When you were developing in your mother’s womb, your body produced a completely different type of hemoglobin called fetal hemoglobin that was perfectly designed for your unique situation as a developing baby. This fetal hemoglobin had special properties that made it incredibly efficient at grabbing oxygen from your mother’s blood through the placenta and delivering it to your developing tissues.


The crucial difference is that fetal hemoglobin doesn’t participate in the sickling process that causes all the devastating problems in sickle cell disease. While adult hemoglobin with the sickle cell mutation clumps together like traffic jams and distorts red blood cells into those characteristic crescent shapes, fetal hemoglobin stays flexible and keeps red blood cells round, smooth, and healthy.

Normally, your body makes a complete switch from fetal to adult hemoglobin production during your first year of life, which explains why babies with sickle cell disease usually don’t show symptoms until they’re several months old. But some incredibly fortunate people have genetic variations that allow them to keep making substantial amounts of fetal hemoglobin throughout their entire lives, essentially keeping their baby superpower forever.

The genetic lottery creates natural protection

Hereditary persistence of fetal hemoglobin is exactly what it sounds like – instead of completely shutting down fetal hemoglobin production after birth like most people do, some individuals continue cranking out significant amounts of this protective protein throughout their lives. This happens because they won a specific genetic lottery that affects the normal shutdown mechanisms for fetal hemoglobin production.

The amount of fetal hemoglobin that people with this trait produce varies dramatically from person to person. Some lucky individuals might have 5 to 10 percent fetal hemoglobin mixed in with their adult hemoglobin, while the genetic jackpot winners might have 20 percent or even higher levels coursing through their veins. Generally speaking, the more fetal hemoglobin someone produces naturally, the more protection they have against sickle cell complications.

This protective trait shows up in different populations around the world, but it’s particularly common in certain regions of Africa, the Middle East, and India where sickle cell disease is also prevalent. This geographic overlap isn’t just a coincidence – the same environmental pressures that led to the persistence of sickle cell trait in these populations also favored genetic variations that could reduce the harmful effects of having sickle cell disease.

High fetal hemoglobin transforms the disease experience

People with sickle cell disease who also happen to produce high levels of fetal hemoglobin typically experience a completely different version of their condition compared to those who produce only adult hemoglobin.

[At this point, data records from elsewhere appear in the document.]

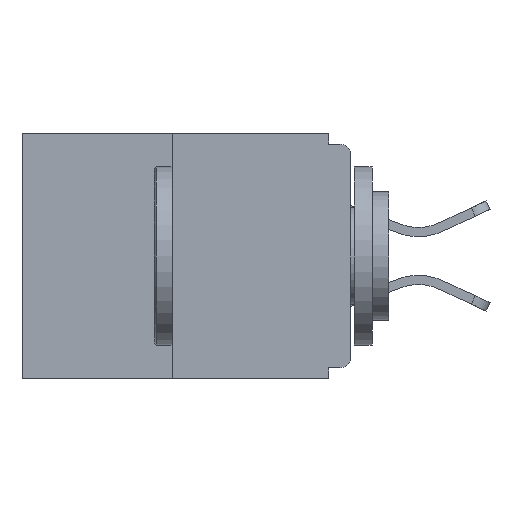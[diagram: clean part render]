
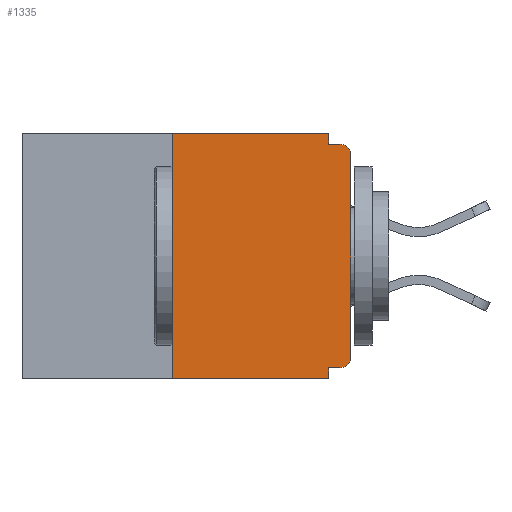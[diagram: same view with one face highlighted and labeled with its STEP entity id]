
A CAD part, left-side view. The second image highlights one B-rep face of the part: STEP entity #1335.
In plain terms, the highlighted planar face has unit normal (-1, 0, 0).
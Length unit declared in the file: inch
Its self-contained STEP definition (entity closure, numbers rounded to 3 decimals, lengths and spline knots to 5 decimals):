
#213 = VERTEX_POINT ( 'NONE', #15640 ) ;
#304 = DIRECTION ( 'NONE',  ( 0., 0., -1. ) ) ;
#880 = ORIENTED_EDGE ( 'NONE', *, *, #1351, .T. ) ;
#1046 = CARTESIAN_POINT ( 'NONE',  ( 0., 0.46, 0. ) ) ;
#1335 = ADVANCED_FACE ( 'NONE', ( #2162 ), #12763, .F. ) ;
#1351 = EDGE_CURVE ( 'NONE', #6243, #1585, #12611, .T. ) ;
#1534 = VERTEX_POINT ( 'NONE', #5754 ) ;
#1585 = VERTEX_POINT ( 'NONE', #6073 ) ;
#1636 = CARTESIAN_POINT ( 'NONE',  ( 0., 0., 0. ) ) ;
#1662 = CARTESIAN_POINT ( 'NONE',  ( 0., 0.015, -0.313 ) ) ;
#1886 = DIRECTION ( 'NONE',  ( 0., 0., -1. ) ) ;
#2162 = FACE_OUTER_BOUND ( 'NONE', #9041, .T. ) ;
#2742 = ORIENTED_EDGE ( 'NONE', *, *, #7475, .T. ) ;
#2851 = VECTOR ( 'NONE', #6779, 39.37008 ) ;
#3143 = CARTESIAN_POINT ( 'NONE',  ( 0., 0., -0.328 ) ) ;
#3169 = VERTEX_POINT ( 'NONE', #7655 ) ;
#3947 = VECTOR ( 'NONE', #1886, 39.37008 ) ;
#3955 = AXIS2_PLACEMENT_3D ( 'NONE', #15281, #7702, #10373 ) ;
#4649 = VECTOR ( 'NONE', #9231, 39.37008 ) ;
#4656 = CARTESIAN_POINT ( 'NONE',  ( 0., 0.031, -0.015 ) ) ;
#4727 = ORIENTED_EDGE ( 'NONE', *, *, #12981, .F. ) ;
#4995 = EDGE_CURVE ( 'NONE', #8916, #5861, #13655, .T. ) ;
#5628 = EDGE_CURVE ( 'NONE', #3169, #8916, #7818, .T. ) ;
#5754 = CARTESIAN_POINT ( 'NONE',  ( 0., 0.015, -0.015 ) ) ;
#5861 = VERTEX_POINT ( 'NONE', #7869 ) ;
#5995 = CIRCLE ( 'NONE', #13925, 0.015 ) ;
#6073 = CARTESIAN_POINT ( 'NONE',  ( 0., 0., -0.03 ) ) ;
#6243 = VERTEX_POINT ( 'NONE', #10113 ) ;
#6293 = ORIENTED_EDGE ( 'NONE', *, *, #15157, .T. ) ;
#6611 = LINE ( 'NONE', #3143, #4649 ) ;
#6647 = LINE ( 'NONE', #14424, #3947 ) ;
#6779 = DIRECTION ( 'NONE',  ( 0., -1., 0. ) ) ;
#6796 = EDGE_CURVE ( 'NONE', #6963, #213, #6611, .T. ) ;
#6898 = DIRECTION ( 'NONE',  ( 1., 0., 0. ) ) ;
#6963 = VERTEX_POINT ( 'NONE', #15350 ) ;
#7030 = ORIENTED_EDGE ( 'NONE', *, *, #6796, .F. ) ;
#7230 = VECTOR ( 'NONE', #12152, 39.37008 ) ;
#7475 = EDGE_CURVE ( 'NONE', #1585, #1534, #11018, .T. ) ;
#7476 = EDGE_CURVE ( 'NONE', #6963, #6243, #5995, .T. ) ;
#7655 = CARTESIAN_POINT ( 'NONE',  ( 0., 0.25, -0.343 ) ) ;
#7702 = DIRECTION ( 'NONE',  ( -1., 0., 0. ) ) ;
#7755 = CARTESIAN_POINT ( 'NONE',  ( 0., 0.031, -0.343 ) ) ;
#7805 = CARTESIAN_POINT ( 'NONE',  ( 0., 0.25, 0. ) ) ;
#7818 = LINE ( 'NONE', #14892, #14024 ) ;
#7841 = DIRECTION ( 'NONE',  ( 0., 0., 1. ) ) ;
#7869 = CARTESIAN_POINT ( 'NONE',  ( 0., 0.031, 0. ) ) ;
#8028 = DIRECTION ( 'NONE',  ( 0., -1., 0. ) ) ;
#8417 = EDGE_CURVE ( 'NONE', #13480, #1534, #11727, .T. ) ;
#8688 = ORIENTED_EDGE ( 'NONE', *, *, #4995, .F. ) ;
#8916 = VERTEX_POINT ( 'NONE', #7805 ) ;
#9041 = EDGE_LOOP ( 'NONE', ( #8688, #10923, #6293, #4727, #7030, #15504, #880, #2742, #10984, #9613 ) ) ;
#9231 = DIRECTION ( 'NONE',  ( 0., 1., 0. ) ) ;
#9296 = VECTOR ( 'NONE', #8028, 39.37008 ) ;
#9613 = ORIENTED_EDGE ( 'NONE', *, *, #9951, .F. ) ;
#9951 = EDGE_CURVE ( 'NONE', #5861, #13480, #6647, .T. ) ;
#10113 = CARTESIAN_POINT ( 'NONE',  ( 0., 0., -0.313 ) ) ;
#10172 = CARTESIAN_POINT ( 'NONE',  ( 0., 0.46, -0.343 ) ) ;
#10257 = VECTOR ( 'NONE', #7841, 39.37008 ) ;
#10355 = CARTESIAN_POINT ( 'NONE',  ( 0., 0.46, 0. ) ) ;
#10373 = DIRECTION ( 'NONE',  ( 0., 0., -1. ) ) ;
#10617 = VECTOR ( 'NONE', #13936, 39.37008 ) ;
#10923 = ORIENTED_EDGE ( 'NONE', *, *, #5628, .F. ) ;
#10984 = ORIENTED_EDGE ( 'NONE', *, *, #8417, .F. ) ;
#11003 = LINE ( 'NONE', #7755, #10617 ) ;
#11018 = CIRCLE ( 'NONE', #3955, 0.015 ) ;
#11578 = DIRECTION ( 'NONE',  ( -1., 0., 0. ) ) ;
#11727 = LINE ( 'NONE', #11740, #2851 ) ;
#11740 = CARTESIAN_POINT ( 'NONE',  ( 0., 0., -0.015 ) ) ;
#11874 = VERTEX_POINT ( 'NONE', #11969 ) ;
#11969 = CARTESIAN_POINT ( 'NONE',  ( 0., 0.031, -0.343 ) ) ;
#12152 = DIRECTION ( 'NONE',  ( 0., -1., 0. ) ) ;
#12378 = DIRECTION ( 'NONE',  ( 0., 0., 1. ) ) ;
#12611 = LINE ( 'NONE', #1636, #10257 ) ;
#12763 = PLANE ( 'NONE',  #13436 ) ;
#12928 = DIRECTION ( 'NONE',  ( 0., 0., -1. ) ) ;
#12981 = EDGE_CURVE ( 'NONE', #213, #11874, #11003, .T. ) ;
#13436 = AXIS2_PLACEMENT_3D ( 'NONE', #10355, #6898, #12928 ) ;
#13480 = VERTEX_POINT ( 'NONE', #4656 ) ;
#13655 = LINE ( 'NONE', #1046, #7230 ) ;
#13925 = AXIS2_PLACEMENT_3D ( 'NONE', #1662, #11578, #304 ) ;
#13936 = DIRECTION ( 'NONE',  ( 0., 0., -1. ) ) ;
#13974 = LINE ( 'NONE', #10172, #9296 ) ;
#14024 = VECTOR ( 'NONE', #12378, 39.37008 ) ;
#14424 = CARTESIAN_POINT ( 'NONE',  ( 0., 0.031, 0. ) ) ;
#14892 = CARTESIAN_POINT ( 'NONE',  ( 0., 0.25, 0. ) ) ;
#15157 = EDGE_CURVE ( 'NONE', #3169, #11874, #13974, .T. ) ;
#15281 = CARTESIAN_POINT ( 'NONE',  ( 0., 0.015, -0.03 ) ) ;
#15350 = CARTESIAN_POINT ( 'NONE',  ( 0., 0.015, -0.328 ) ) ;
#15504 = ORIENTED_EDGE ( 'NONE', *, *, #7476, .T. ) ;
#15640 = CARTESIAN_POINT ( 'NONE',  ( 0., 0.031, -0.328 ) ) ;

They have dramatically fewer pain crises, less organ damage over time, fewer emergency room visits and hospitalizations, and generally enjoy much better quality of life throughout their entire lifespan.

The fetal hemoglobin essentially acts like a protective dilution agent for the problematic sickle hemoglobin in their red blood cells. When a significant percentage of the hemoglobin in each red blood cell is the beneficial fetal type, there’s simply less sickle hemoglobin available to clump together and cause the cellular distortion that leads to all the complications. This means their red blood cells stay more flexible and are much less likely to get jammed in small blood vessels like corks in wine bottles.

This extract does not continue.